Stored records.
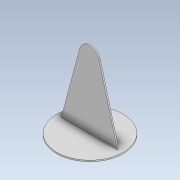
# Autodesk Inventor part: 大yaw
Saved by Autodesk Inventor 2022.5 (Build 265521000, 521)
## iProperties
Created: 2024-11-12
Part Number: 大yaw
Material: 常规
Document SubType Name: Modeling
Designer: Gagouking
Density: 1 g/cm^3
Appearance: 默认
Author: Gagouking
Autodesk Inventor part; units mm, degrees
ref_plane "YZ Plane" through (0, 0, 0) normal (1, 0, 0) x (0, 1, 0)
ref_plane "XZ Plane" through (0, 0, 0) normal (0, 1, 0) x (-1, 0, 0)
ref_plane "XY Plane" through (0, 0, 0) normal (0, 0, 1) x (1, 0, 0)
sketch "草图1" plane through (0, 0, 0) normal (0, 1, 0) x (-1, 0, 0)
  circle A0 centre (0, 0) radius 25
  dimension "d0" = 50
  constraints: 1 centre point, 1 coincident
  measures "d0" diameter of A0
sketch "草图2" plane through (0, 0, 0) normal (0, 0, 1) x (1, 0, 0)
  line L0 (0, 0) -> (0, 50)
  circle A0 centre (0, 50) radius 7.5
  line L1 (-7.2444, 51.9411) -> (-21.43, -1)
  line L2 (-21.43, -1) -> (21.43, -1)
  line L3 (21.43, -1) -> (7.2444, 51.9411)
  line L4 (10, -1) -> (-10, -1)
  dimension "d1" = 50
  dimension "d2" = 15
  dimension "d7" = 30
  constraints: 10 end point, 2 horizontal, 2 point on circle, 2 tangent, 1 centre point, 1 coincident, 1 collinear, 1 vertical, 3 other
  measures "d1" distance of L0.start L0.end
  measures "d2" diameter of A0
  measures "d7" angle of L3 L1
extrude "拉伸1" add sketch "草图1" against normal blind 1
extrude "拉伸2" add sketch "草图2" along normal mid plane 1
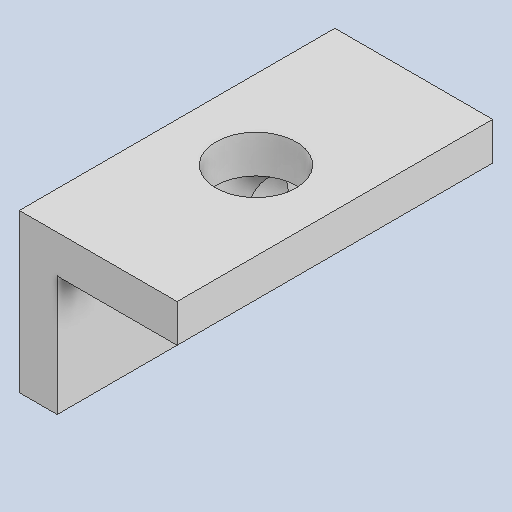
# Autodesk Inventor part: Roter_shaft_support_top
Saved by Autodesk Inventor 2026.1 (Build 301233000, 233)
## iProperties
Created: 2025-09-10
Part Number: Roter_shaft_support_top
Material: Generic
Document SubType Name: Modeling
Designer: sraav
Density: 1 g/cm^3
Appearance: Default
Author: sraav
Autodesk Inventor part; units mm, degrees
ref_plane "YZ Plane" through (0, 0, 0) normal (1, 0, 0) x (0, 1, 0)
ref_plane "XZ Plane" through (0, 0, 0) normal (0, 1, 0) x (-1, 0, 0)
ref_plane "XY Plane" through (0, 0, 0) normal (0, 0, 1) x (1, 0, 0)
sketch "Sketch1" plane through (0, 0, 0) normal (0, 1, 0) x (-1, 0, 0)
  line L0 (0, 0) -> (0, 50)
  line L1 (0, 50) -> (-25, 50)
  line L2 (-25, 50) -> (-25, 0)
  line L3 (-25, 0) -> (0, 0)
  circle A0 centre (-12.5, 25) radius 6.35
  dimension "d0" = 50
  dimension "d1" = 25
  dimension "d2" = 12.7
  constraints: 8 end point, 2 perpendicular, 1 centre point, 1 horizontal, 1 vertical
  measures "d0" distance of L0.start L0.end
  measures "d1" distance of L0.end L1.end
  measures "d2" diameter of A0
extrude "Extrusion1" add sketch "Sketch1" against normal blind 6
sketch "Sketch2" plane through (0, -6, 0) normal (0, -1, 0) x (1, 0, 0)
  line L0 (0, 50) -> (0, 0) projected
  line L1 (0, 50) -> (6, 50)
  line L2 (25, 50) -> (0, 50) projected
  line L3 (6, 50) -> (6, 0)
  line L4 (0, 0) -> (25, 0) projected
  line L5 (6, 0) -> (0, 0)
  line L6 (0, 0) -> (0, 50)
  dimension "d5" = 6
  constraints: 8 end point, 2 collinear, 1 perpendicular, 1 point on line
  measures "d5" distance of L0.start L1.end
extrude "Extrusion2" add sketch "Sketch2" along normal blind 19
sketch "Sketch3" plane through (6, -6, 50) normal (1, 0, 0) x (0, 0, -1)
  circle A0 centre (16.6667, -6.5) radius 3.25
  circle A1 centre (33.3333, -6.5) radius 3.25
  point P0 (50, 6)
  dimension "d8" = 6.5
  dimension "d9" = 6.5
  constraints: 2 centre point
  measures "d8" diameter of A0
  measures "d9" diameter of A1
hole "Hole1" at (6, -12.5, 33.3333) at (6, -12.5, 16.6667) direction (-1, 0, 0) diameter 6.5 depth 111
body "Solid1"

WORK INSTRUCTIONS. Please output every record above exactly. Leave the pictures out.

COMPLETED EXERCISE.
# Autodesk Inventor part: 大yaw
Saved by Autodesk Inventor 2022.5 (Build 265521000, 521)
## iProperties
Created: 2024-11-12
Part Number: 大yaw
Material: 常规
Document SubType Name: Modeling
Designer: Gagouking
Density: 1 g/cm^3
Appearance: 默认
Author: Gagouking
Autodesk Inventor part; units mm, degrees
ref_plane "YZ Plane" through (0, 0, 0) normal (1, 0, 0) x (0, 1, 0)
ref_plane "XZ Plane" through (0, 0, 0) normal (0, 1, 0) x (-1, 0, 0)
ref_plane "XY Plane" through (0, 0, 0) normal (0, 0, 1) x (1, 0, 0)
sketch "草图1" plane through (0, 0, 0) normal (0, 1, 0) x (-1, 0, 0)
  circle A0 centre (0, 0) radius 25
  dimension "d0" = 50
  constraints: 1 centre point, 1 coincident
  measures "d0" diameter of A0
sketch "草图2" plane through (0, 0, 0) normal (0, 0, 1) x (1, 0, 0)
  line L0 (0, 0) -> (0, 50)
  circle A0 centre (0, 50) radius 7.5
  line L1 (-7.2444, 51.9411) -> (-21.43, -1)
  line L2 (-21.43, -1) -> (21.43, -1)
  line L3 (21.43, -1) -> (7.2444, 51.9411)
  line L4 (10, -1) -> (-10, -1)
  dimension "d1" = 50
  dimension "d2" = 15
  dimension "d7" = 30
  constraints: 10 end point, 2 horizontal, 2 point on circle, 2 tangent, 1 centre point, 1 coincident, 1 collinear, 1 vertical, 3 other
  measures "d1" distance of L0.start L0.end
  measures "d2" diameter of A0
  measures "d7" angle of L3 L1
extrude "拉伸1" add sketch "草图1" against normal blind 1
extrude "拉伸2" add sketch "草图2" along normal mid plane 1
# Autodesk Inventor part: Roter_shaft_support_top
Saved by Autodesk Inventor 2026.1 (Build 301233000, 233)
## iProperties
Created: 2025-09-10
Part Number: Roter_shaft_support_top
Material: Generic
Document SubType Name: Modeling
Designer: sraav
Density: 1 g/cm^3
Appearance: Default
Author: sraav
Autodesk Inventor part; units mm, degrees
ref_plane "YZ Plane" through (0, 0, 0) normal (1, 0, 0) x (0, 1, 0)
ref_plane "XZ Plane" through (0, 0, 0) normal (0, 1, 0) x (-1, 0, 0)
ref_plane "XY Plane" through (0, 0, 0) normal (0, 0, 1) x (1, 0, 0)
sketch "Sketch1" plane through (0, 0, 0) normal (0, 1, 0) x (-1, 0, 0)
  line L0 (0, 0) -> (0, 50)
  line L1 (0, 50) -> (-25, 50)
  line L2 (-25, 50) -> (-25, 0)
  line L3 (-25, 0) -> (0, 0)
  circle A0 centre (-12.5, 25) radius 6.35
  dimension "d0" = 50
  dimension "d1" = 25
  dimension "d2" = 12.7
  constraints: 8 end point, 2 perpendicular, 1 centre point, 1 horizontal, 1 vertical
  measures "d0" distance of L0.start L0.end
  measures "d1" distance of L0.end L1.end
  measures "d2" diameter of A0
extrude "Extrusion1" add sketch "Sketch1" against normal blind 6
sketch "Sketch2" plane through (0, -6, 0) normal (0, -1, 0) x (1, 0, 0)
  line L0 (0, 50) -> (0, 0) projected
  line L1 (0, 50) -> (6, 50)
  line L2 (25, 50) -> (0, 50) projected
  line L3 (6, 50) -> (6, 0)
  line L4 (0, 0) -> (25, 0) projected
  line L5 (6, 0) -> (0, 0)
  line L6 (0, 0) -> (0, 50)
  dimension "d5" = 6
  constraints: 8 end point, 2 collinear, 1 perpendicular, 1 point on line
  measures "d5" distance of L0.start L1.end
extrude "Extrusion2" add sketch "Sketch2" along normal blind 19
sketch "Sketch3" plane through (6, -6, 50) normal (1, 0, 0) x (0, 0, -1)
  circle A0 centre (16.6667, -6.5) radius 3.25
  circle A1 centre (33.3333, -6.5) radius 3.25
  point P0 (50, 6)
  dimension "d8" = 6.5
  dimension "d9" = 6.5
  constraints: 2 centre point
  measures "d8" diameter of A0
  measures "d9" diameter of A1
hole "Hole1" at (6, -12.5, 33.3333) at (6, -12.5, 16.6667) direction (-1, 0, 0) diameter 6.5 depth 111
body "Solid1"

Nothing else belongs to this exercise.